Par des mémoires en défense, enregistrés les 21 septembre, 9 octobre 2023 et
2 novembre 2023, l'université de Strasbourg conclut, à titre principal, au rejet de la requête et, à titre subsidiaire, à ce que l'injonction prononcée se limite à l'obligation pour l'université de convoquer la requérante aux épreuves orales qui se tiendront au titre de l'année universitaire
2023-2024.
Elle soutient que les moyens de la requête ne sont pas fondés.

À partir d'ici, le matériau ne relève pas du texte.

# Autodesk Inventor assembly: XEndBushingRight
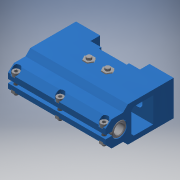
[picture p0: Inventor's stored thumbnail of the model, 180x180]
Saved by Autodesk Inventor 2016 (Build 200138000, 138)
## iProperties
Created: 2014-08-16
Part Number: XEndBushingRight
Document SubType Name: Assembly
Designer: Jack
Mass: 125.348 g
Surface Area: 370.67 cm^2
Volume: 71.2484 cm^3
Density: 1.75931 g/cm^3
Author: Jack
Title: X End Right
## Documents named in this file (13)
- C:\Users\Jack\ownCloud\Projects\CrossBot\InventorModel\XAxis\XEndBushingRight.iam
- C:\Users\Jack\ownCloud\Projects\CrossBot\InventorModel\Hardware\Nuts\Nut3.ipt
- C:\Users\Jack\ownCloud\Projects\CrossBot\InventorModel\Hardware\Bolts\SHCS\SHCS4\SHCS4x30.ipt
- C:\Users\Jack\ownCloud\Projects\CrossBot\InventorModel\Hardware\Nuts\Nut4.ipt
- C:\Users\Jack\ownCloud\Projects\CrossBot\InventorModel\Hardware\Bearing\BearingRadialBall\BearingRadialBallF624zz.ipt
- C:\Users\Jack\ownCloud\Projects\CrossBot\InventorModel\Hardware\Wahsers\M4Washer.ipt
- C:\Users\Jack\ownCloud\Projects\CrossBot\InventorModel\Hardware\Bolts\SHCS\SHCS3\SHCS3x8.ipt
- C:\Users\Jack\ownCloud\Projects\CrossBot\InventorModel\XAxis\XAxisBearingSpacer.ipt
- C:\Users\Jack\ownCloud\Projects\CrossBot\InventorModel\Hardware\Belt\GT2Idler.iam
- C:\Users\Jack\ownCloud\Projects\CrossBot\InventorModel\XAxis\XAxisBeltIdlerSpacer.ipt
- C:\Users\Jack\ownCloud\Projects\CrossBot\InventorModel\Hardware\Bolts\SHCS\SHCS3\SHCS3x14.ipt
- C:\Users\Jack\ownCloud\Projects\CrossBot\InventorModel\XAxis\XEndBushingRight.ipt
- C:\Users\Jack\ownCloud\Projects\CrossBot\InventorModel\Hardware\Bearing\BearingLinear\BearingLinearPlastic\BearingPlastic8x12x12.ipt
## Components (26 placed, 12 different names)
1. BearingRadialBallF624zz:1 — Mate:79, Mate:80, Mate:81, Mate:82
2. BearingRadialBallF624zz:2 — Mate:79, Mate:80, Mate:83
3. XAxisBearingSpacer:2 — Mate:84, Mate:85, Mate:138
4. GT2Idler:1 [sub-assembly] — Mate:86, Mate:121, Mate:137
5. XAxisBeltIdlerSpacer:1 — Mate:89, Mate:93, Mate:139
6. XEndBushingRight:1 — Mate:122, Mate:123, Mate:124, Mate:125, Mate:126, Mate:127, Mate:128, Mate:129, Angle:1, Angle:2, Angle:3, Mate:130, Mate:131, Mate:132, Angle:4, Mate:133, Mate:134, Mate:135, Angle:5, Mate:136, Mate:138, Mate:139, Mate:140, Mate:141, Angle:6, Angle:7, Mate:142, Mate:143, Mate:144, Mate:145, Flush:3, Flush:4
7. BearingPlastic8x12x12:1 — Mate:144, Flush:4
8. BearingPlastic8x12x12:2 — Mate:145, Flush:3
9. M4Washer:4 — Mate:38, Mate:137
10. M4Washer:3 — Mate:65, Mate:93, Mate:121
11. M4Washer:2 — Mate:30, Mate:82
12. M4Washer:1 — Mate:64, Mate:83, Mate:85
13. Nut4:2 — Mate:21, Angle:4, Mate:133
14. Nut4:1 — Mate:20, Angle:5, Mate:136
15. SHCS4x30:2 — Mate:20, Mate:38, Mate:65, Mate:86, Mate:89, Mate:134, Mate:135
16. SHCS4x30:1 — Mate:21, Mate:30, Mate:64, Mate:81, Mate:84, Mate:131, Mate:132
17. Nut3:3 — Mate:43, Angle:7, Mate:142, Flush:1
18. Nut3:4 — Mate:42, Angle:6, Mate:143, Flush:2
19. SHCS3x8:1 — Mate:42, Mate:141, Flush:2
20. SHCS3x8:2 — Mate:43, Mate:140, Flush:1
21. SHCS3x14:2 — Mate:111, Mate:124, Mate:125
22. Nut3:2 — Mate:111, Angle:2, Mate:130
23. SHCS3x14:3 — Mate:123, Mate:126
24. Nut3:5 — Mate:129, Angle:1
25. SHCS3x14:1 — Mate:114, Mate:122, Mate:127
26. Nut3:1 — Mate:114, Mate:128, Angle:3
## Relationships (57: Mate 46, Angle 7, Flush 4)
- Mate:20: Nut4:1 ↔ SHCS4x30:2
- Mate:21: Nut4:2 ↔ SHCS4x30:1
- Mate:30: M4Washer:2 ↔ SHCS4x30:1
- Mate:38: M4Washer:4 ↔ SHCS4x30:2
- Mate:42: Nut3:4 ↔ SHCS3x8:1
- Mate:43: Nut3:3 ↔ SHCS3x8:2
- Mate:64: M4Washer:1 ↔ SHCS4x30:1
- Mate:65: M4Washer:3 ↔ SHCS4x30:2
- Mate:79: BearingRadialBallF624zz:1 ↔ BearingRadialBallF624zz:2
- Mate:80: BearingRadialBallF624zz:1 ↔ BearingRadialBallF624zz:2
- Mate:81: BearingRadialBallF624zz:1 ↔ SHCS4x30:1
- Mate:82: BearingRadialBallF624zz:1 ↔ M4Washer:2
- Mate:83: BearingRadialBallF624zz:2 ↔ M4Washer:1
- Mate:84: XAxisBearingSpacer:2 ↔ SHCS4x30:1
- Mate:85: XAxisBearingSpacer:2 ↔ M4Washer:1
- Mate:86: GT2Idler:1 ↔ SHCS4x30:2
- Mate:89: XAxisBeltIdlerSpacer:1 ↔ SHCS4x30:2
- Mate:93: XAxisBeltIdlerSpacer:1 ↔ M4Washer:3
- Mate:111: SHCS3x14:2 ↔ Nut3:2
- Mate:114: SHCS3x14:1 ↔ Nut3:1
- [Mate]: SHCS3x14:3 ↔ Nut3:5
- Mate:121: GT2Idler:1 ↔ M4Washer:3
- Mate:122: XEndBushingRight:1 ↔ SHCS3x14:1
- Mate:123: XEndBushingRight:1 ↔ SHCS3x14:3
- Mate:124: XEndBushingRight:1 ↔ SHCS3x14:2
- Mate:125: XEndBushingRight:1 ↔ SHCS3x14:2
- Mate:126: XEndBushingRight:1 ↔ SHCS3x14:3
- Mate:127: XEndBushingRight:1 ↔ SHCS3x14:1
- Mate:128: XEndBushingRight:1 ↔ Nut3:1
- Mate:129: XEndBushingRight:1 ↔ Nut3:5
- Angle:1 (0 deg): XEndBushingRight:1 ↔ Nut3:5
- Angle:2 (0 deg): XEndBushingRight:1 ↔ Nut3:2
- Angle:3 (0 deg): XEndBushingRight:1 ↔ Nut3:1
- Mate:130: XEndBushingRight:1 ↔ Nut3:2
- Mate:131: XEndBushingRight:1 ↔ SHCS4x30:1
- Mate:132: XEndBushingRight:1 ↔ SHCS4x30:1
- Angle:4 (0 deg): XEndBushingRight:1 ↔ Nut4:2
- Mate:133: XEndBushingRight:1 ↔ Nut4:2
- Mate:134: XEndBushingRight:1 ↔ SHCS4x30:2
- Mate:135: XEndBushingRight:1 ↔ SHCS4x30:2
- Angle:5 (0 deg): XEndBushingRight:1 ↔ Nut4:1
- Mate:136: XEndBushingRight:1 ↔ Nut4:1
- Mate:137: GT2Idler:1 ↔ M4Washer:4
- Mate:138: XAxisBearingSpacer:2 ↔ XEndBushingRight:1
- Mate:139: XAxisBeltIdlerSpacer:1 ↔ XEndBushingRight:1
- Mate:140: XEndBushingRight:1 ↔ SHCS3x8:2
- Mate:141: XEndBushingRight:1 ↔ SHCS3x8:1
- Angle:6 (0 deg): XEndBushingRight:1 ↔ Nut3:4
- Angle:7 (0 deg): XEndBushingRight:1 ↔ Nut3:3
- Mate:142: XEndBushingRight:1 ↔ Nut3:3
- Mate:143: XEndBushingRight:1 ↔ Nut3:4
- Flush:1 (-0.5 mm): Nut3:3 ↔ SHCS3x8:2
- Flush:2 (-0.5 mm): Nut3:4 ↔ SHCS3x8:1
- Mate:144: XEndBushingRight:1 ↔ BearingPlastic8x12x12:1
- Mate:145: XEndBushingRight:1 ↔ BearingPlastic8x12x12:2
- Flush:3: XEndBushingRight:1 ↔ BearingPlastic8x12x12:2
- Flush:4: XEndBushingRight:1 ↔ BearingPlastic8x12x12:1
## Named parameters: d161_d150 = 0 mm

L'instruction a été close trois jours francs avant la date d'audience, en application de l'article R. 613-2 du code de justice administrative.
Vu :
- les autres pièces du dossier ;
- l'ordonnance n° 2305770 du 31 août 2023, par laquelle le juges des référés a rejeté la requête en référé-suspension contre la même décision en raison du défaut d'urgence.
Vu :
- le code de l'éducation ;
- le code de justice administrative.
Les parties ont été régulièrement averties du jour de l'audience.
Ont été entendus au cours de l'audience publique :
- le rapport de Mme Dobry,
- les conclusions de M. Boutot, rapporteur public,
- les observations de Me Cortes, substituant Me Bellanger, représentant Mme B ;
- et les observations de Mme C, représentant l'université de Strasbourg.
Considérant ce qui suit :
1. Mme B a suivi au cours de l'année universitaire 2022-2023 une première année de licence " sciences pour la santé " à l'université de Strasbourg, au terme de laquelle elle ambitionnait d'accéder en deuxième année d'études de médecine. A l'issue d'un premier groupe d'épreuves, son classement lui a seulement permis d'être admissible à l'intégration de la formation souhaitée, et elle a dû se présenter à un second groupe d'épreuves. Par délibération du
5 juillet 2023, le jury pour les épreuves d'admission en études de santé (médecine, pharmacie, odontologie, maïeutique et masso-kinésithérapie) de l'université de Strasbourg a arrêté le classement des étudiants admis en formations de santé à l'issue du deuxième groupe d'épreuves. Mme B, à laquelle ce classement permet de poursuivre ses études en pharmacie, mais non en médecine, demande au tribunal d'annuler cette délibération, ainsi que les décisions d'admission en deuxième année des étudiants prises en son application et la décision lui refusant son admission en deuxième année d'études de médecine.
Sur les conclusions à fin d'annulation :
En ce qui concerne l'étendue du litige :
2. Compte tenu du nombre prédéterminé et limité de places en études de santé et de ce qu'elle se fonde sur une appréciation des aptitudes de l'ensemble des candidats, la délibération par laquelle le jury arrête le classement des candidats à l'issue des épreuves du second groupe présente un caractère indivisible. Dès lors que l'admission ou la non-admission d'un candidat en études de santé à l'issue des épreuves du second groupe procède uniquement de ce classement, les décisions d'admission et la décision de non-admission que conteste la requérante ne sont pas détachables de la délibération du jury. Par suite, les conclusions de la requérante tendant à l'annulation de ces différentes décisions doivent être regardées comme étant dirigées contre cette délibération.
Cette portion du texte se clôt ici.